EXERCISE AIM:
Repeat the stretch of entries below from the line with "91.2l5.2 5.2zM156.7 91.2l1" through the line with "101.2l9.5-9.6zM84.4 101.2l5.3-5.4zM89.7 100.1l-1". Include both ends and add nothing.

Records from a data source:
▬▬▬▬▬▬

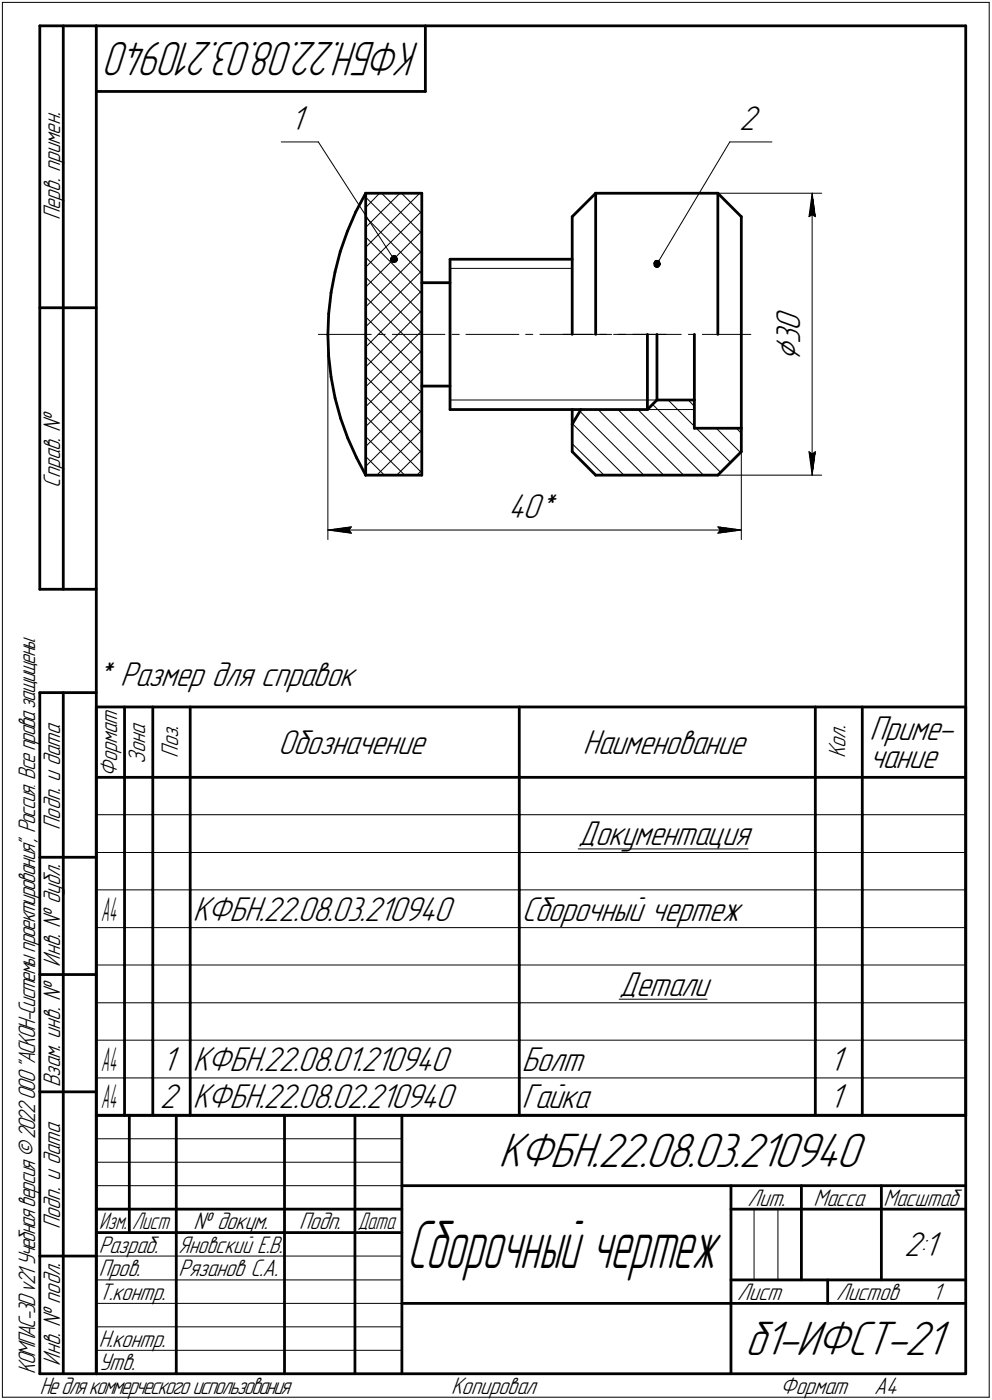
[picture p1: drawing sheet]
<svg xmlns="http://www.w3.org/2000/svg" width="211mm" height="298mm" viewBox="0 0 211 298" stroke-linecap="round" stroke-linejoin="round" font-family="sans-serif">
<g fill="none" stroke="#000" stroke-width=".59">
<path d="M8.5 5.5v120zM8.5 5.5h12zM13.5 5.5v120zM20.5 5.5v287zM20.5 5.5h185zM20.5 19.5h70zM90.5 5.5v14zM205.5 5.5v287zM71.3 57.9l-.9 4.4zM72.4 53.6l-1.1 4.3zM73.9 49.3l-1.5 4.3zM75.7 45.1l-1.8 4.2z"/>
<path d="M77.8 41.1v60.1zM77.8 41.1h11.9zM77.8 41.1l-2.1 4zM89.7 41.1v60.1zM95.8 55.2v32zM95.8 55.2h26zM121.8 46.1l4.9-5zM121.8 46.1v25.1zM126.7 41.1h26zM126.7 41.1v30.1zM152.7 41.1l5 5zM152.7 41.1v30.1z"/>
<path d="M157.7 46.1v45.1zM8.5 65.5h12zM69.8 71.3l.1 4.6zM69.9 66.8l-.1 4.5zM69.9 75.9l.5 4.4zM70.4 62.3l-.5 4.5zM89.7 60.2h6.1zM137.8 71.2v16zM139.8 71.2v14zM147.7 71.2v14zM70.4 80.3l.9 4.5zM71.3 84.8l1.2 4.3z"/>
<path d="M72.5 89.1l1.5 4.2zM74 93.3l1.9 4.2zM75.9 97.5l1.9 3.7zM89.7 82.2h6.1zM95.8 87.2h27.8zM121.8 96.2l4.9 5zM121.8 90.3v5.9zM121.8 87.2v3.1zM123.6 87.2h14.2zM123.6 87.2l-1.8 3.1zM139.8 85.2l-2 2zM139.8 85.2h7.9z"/>
<path d="M147.7 85.2v6zM147.7 91.2h10zM157.7 91.2v5zM157.7 96.2l-5 5zM77.8 101.2h11.9zM126.7 101.2h26zM8.5 125.5h12zM8.5 147.5v145zM8.5 147.5h12zM13.5 147.5v145zM20.5 150.5v87zM20.5 150.5h185z"/>
<path d="M26.5 150.5v15zM32.5 150.5v15zM40.5 150.5v15zM110.5 150.5v15zM173.5 150.5v15zM183.5 150.5v15zM205.5 150.5v87zM20.5 165.5h185zM26.5 165.5v8zM26.5 173.5v8zM32.5 165.5v8zM32.5 173.5v8z"/>
<path d="M40.5 165.5v8zM40.5 173.5v8zM110.5 165.5v8zM110.5 173.5v8zM173.5 165.5v8zM173.5 173.5v8zM183.5 165.5v8zM183.5 173.5v8zM8.5 182.5h12zM26.5 181.5v8zM26.5 189.5v8zM26.5 197.5v8z"/>
<path d="M32.5 181.5v8zM32.5 189.5v8zM32.5 197.5v8zM40.5 181.5v8zM40.5 189.5v8zM40.5 197.5v8zM110.5 181.5v8zM110.5 189.5v8zM110.5 197.5v8zM173.5 181.5v8zM173.5 189.5v8zM173.5 197.5v8z"/>
<path d="M183.5 181.5v8zM183.5 189.5v8zM183.5 197.5v8zM8.5 207.5h12zM26.5 205.5v8zM26.5 213.5v8zM32.5 205.5v8zM32.5 213.5v8zM40.5 205.5v8zM40.5 213.5v8zM110.5 205.5v8zM110.5 213.5v8z"/>
<path d="M173.5 205.5v8zM173.5 213.5v8zM183.5 205.5v8zM183.5 213.5v8zM8.5 232.5h12zM20.5 237.5h185zM20.5 237.5v55zM26.5 221.5v8zM26.5 229.5v8zM27.5 237.5v25zM32.5 221.5v8zM32.5 229.5v8z"/>
<path d="M37.5 237.5v55zM40.5 221.5v8zM40.5 229.5v8zM60.5 237.5v55zM75.5 237.5v55zM85.5 237.5v55zM110.5 221.5v8zM110.5 229.5v8zM173.5 221.5v8zM173.5 229.5v8zM183.5 221.5v8zM183.5 229.5v8z"/>
<path d="M20.5 257.5h65zM85.5 252.5h120zM155.5 252.5v40zM155.5 257.5h15zM170.5 252.5v20zM170.5 257.5h35zM187.5 252.5v20zM8.5 267.5h12zM20.5 262.5h65zM85.5 277.5h70zM155.5 277.5h50zM155.5 272.5h50z"/>
<path d="M176.1 272.5v5zM8.5 292.5h12zM20.5 292.5h185z"/>
</g>
<g fill="none" stroke="#000" stroke-width=".21">
<path d="M.5 .5v297zM.5 .5h210zM210.5 .5v297zM59.9 30.2h7.8zM67.7 30.2l16.1 25zM155.3 30.2l-15.5 26zM155.3 30.2h9zM77.8 56.9l11.9-11.9zM77.8 52.7l11.5-11.6zM77.8 48.4l7.3-7.3zM77.8 42l11.9 11.9zM77.8 46.2l11.9 12.1z"/>
<path d="M77.8 50.5l11.9 12zM77.8 54.8l11.9 11.9zM77.8 59l11.9 12zM80.8 41.1l-3 3.1zM81.2 41.1l8.5 8.6zM85.4 41.1l4.3 4.4zM89.7 41.2h.1M95.8 57.1h26zM152.7 41.1h22.1zM172.1 46.1l.7-.4zM172.8 41.1l.7 5zM172.8 45.7l.7 .4z"/>
<path d="M172.8 41.1l-.7 5zM172.8 41.1v60.1zM67.7 71.2h11.3zM69.8 71.2v43.7zM77.8 69.6l11.9-11.9zM77.8 65.4l11.9-12zM77.8 61.1l11.9-11.9zM77.8 63.2l11.9 12zM77.8 67.5l11.9 11.9zM77.8 71.7l11.9 12zM77.8 75.9l11.9 12zM80.4 71.2h1.6z"/>
<path d="M83.5 71.2h11.2zM89.7 70.4l-11.9 12zM89.7 66.1l-11.9 12zM89.7 61.9l-11.9 12zM96.2 71.2h1.5zM99.1 71.2h11.3zM111.8 71.2h1.6zM114.9 71.2h11.2zM119.8 71.2h10.3zM127.6 71.2h1.4zM130.6 71.2h11.1zM131.6 71.2h1.5z"/>
<path d="M134.6 71.2h10.3zM146.5 71.2h1.4zM149.4 71.2h10.4zM77.8 99.3l11.9-11.9zM77.8 90.8l11.9-11.9zM77.8 86.6l11.9-11.9zM77.8 80.2l11.9 11.9zM77.8 84.4l11.9 12zM77.8 88.6l11.9 12.1zM77.8 93l8.3 8.2zM77.8 97.2l4 4zM89.7 83.1l-11.9 12z"/>
<path d="M95.8 85.2h44zM121.8 94.5l6.7 6.7zM121.8 90.3l11 10.9zM123.4 87.5l13.6 13.7zM127.3 87.2l13.9 14zM131.5 87.2l14 14zM135.7 87.2l14 14zM137.8 87.2h9.9zM138.9 86.1l14.4 14.5zM142.2 85.2l5.5 5.6zM146.5 85.2l1.2 1.3zM148.2 91.2l7.2 7.3z"/>
<path d="M152.4 91.2l5.2 5.2zM156.7 91.2l1 1.1zM157.7 96.2v18.7zM172.1 96.2l.7 5zM172.1 96.2l.7 .5zM172.8 96.7l.7-.5zM173.5 96.2l-.7 5zM69.8 112.9l5-.7zM69.8 112.9l5 .6zM69.8 112.9h87.9zM74.3 112.9l.5 .6zM74.8 112.2l-.5 .7z"/>
<path d="M80.2 101.2l9.5-9.6zM84.4 101.2l5.3-5.4zM89.7 100.1l-1 1.1zM152.7 101.2h22.1zM152.7 113.5l5-.6zM152.7 112.2l.5 .7zM152.7 112.2l5 .7zM153.2 112.9l-.5 .6zM20.5 173.5h6zM26.5 173.5h6zM32.5 173.5h8zM40.5 173.5h70z"/>
<path d="M110.5 173.5h63zM173.5 173.5h10zM183.5 173.5h22zM20.5 181.5h6zM20.5 189.5h6zM20.5 197.5h6zM26.5 181.5h6zM26.5 189.5h6zM26.5 197.5h6zM32.5 181.5h8zM32.5 189.5h8zM32.5 197.5h8z"/>
<path d="M40.5 181.5h70zM40.5 189.5h70zM40.5 197.5h70zM110.5 181.5h63zM110.5 189.5h63zM110.5 197.5h63zM123 180.8h36.2zM173.5 181.5h10zM173.5 189.5h10zM173.5 197.5h10zM183.5 181.5h22zM183.5 189.5h22z"/>
<path d="M183.5 197.5h22zM20.5 205.5h6zM20.5 213.5h6zM26.5 205.5h6zM26.5 213.5h6zM32.5 205.5h8zM32.5 213.5h8zM40.5 205.5h70zM40.5 213.5h70zM110.5 205.5h63zM110.5 213.5h63zM131.7 212.8h18.8z"/>
<path d="M173.5 205.5h10zM173.5 213.5h10zM183.5 205.5h22zM183.5 213.5h22zM20.5 221.5h6zM20.5 229.5h6zM26.5 221.5h6zM26.5 229.5h6zM32.5 221.5h8zM32.5 229.5h8zM40.5 221.5h70zM40.5 229.5h70z"/>
<path d="M110.5 221.5h63zM110.5 229.5h63zM173.5 221.5h10zM173.5 229.5h10zM183.5 221.5h22zM183.5 229.5h22zM20.5 247.5h65zM20.5 252.5h65zM20.5 242.5h65zM160.4 257.5v15zM165.5 257.5v15zM20.5 267.5h65z"/>
<path d="M20.5 272.5h65zM20.5 277.5h65zM.5 297.5h210zM20.5 282.5h65zM20.5 287.5h65z"/>
</g>
<g fill="#fff" stroke="#fff" stroke-width=".21">
<path d="M108.1 104.7h11.4zM108.1 104.8h11.4zM108.1 104.9h11.4zM108.1 105h11.4zM108.1 105.1h11.4zM108.1 105.2h11.4zM108.1 105.2h11.4zM108.1 105.3h11.4zM108.1 105.4h11.4zM108.1 105.5h11.4zM108.1 105.6h11.4zM108.1 105.7h11.4zM108.1 105.7h11.4zM108.1 105.8h11.4zM108.1 105.9h11.4zM108.1 106h11.4zM108.1 106.1h11.4zM108.1 106.2h11.4zM108.1 106.3h11.4zM108.1 106.3h11.4zM108.1 106.4h11.4zM108.1 106.5h11.4zM108.1 106.6h11.4zM108.1 106.7h11.4zM108.1 106.8h11.4zM108.1 106.8h11.4zM108.1 106.9h11.4zM108.1 107h11.4zM108.1 107.1h11.4zM108.1 107.2h11.4zM108.1 107.3h11.4zM108.1 107.4h11.4zM108.1 107.4h11.4zM108.1 107.5h11.4zM108.1 107.6h11.4zM108.1 107.7h11.4zM108.1 107.8h11.4zM108.1 107.9h11.4zM108.1 107.9h11.4zM108.1 108h11.4zM108.1 108.1h11.4zM108.1 108.2h11.4zM108.1 108.3h11.4zM108.1 108.4h11.4zM108.1 108.5h11.4zM108.1 108.5h11.4zM108.1 108.6h11.4zM108.1 108.7h11.4zM108.1 108.8h11.4zM108.1 108.9h11.4zM108.1 109h11.4zM108.1 109.1h11.4zM108.1 109.1h11.4zM108.1 109.2h11.4zM108.1 109.3h11.4zM108.1 109.4h11.4zM108.1 109.5h11.4zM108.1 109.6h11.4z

▬▬▬▬▬▬

ANSWER AREA:
<path d="M152.4 91.2l5.2 5.2zM156.7 91.2l1 1.1zM157.7 96.2v18.7zM172.1 96.2l.7 5zM172.1 96.2l.7 .5zM172.8 96.7l.7-.5zM173.5 96.2l-.7 5zM69.8 112.9l5-.7zM69.8 112.9l5 .6zM69.8 112.9h87.9zM74.3 112.9l.5 .6zM74.8 112.2l-.5 .7z"/>
<path d="M80.2 101.2l9.5-9.6zM84.4 101.2l5.3-5.4zM89.7 100.1l-1 1.1zM152.7 101.2h22.1zM152.7 113.5l5-.6zM152.7 112.2l.5 .7zM152.7 112.2l5 .7zM153.2 112.9l-.5 .6zM20.5 173.5h6zM26.5 173.5h6zM32.5 173.5h8zM40.5 173.5h70z"/>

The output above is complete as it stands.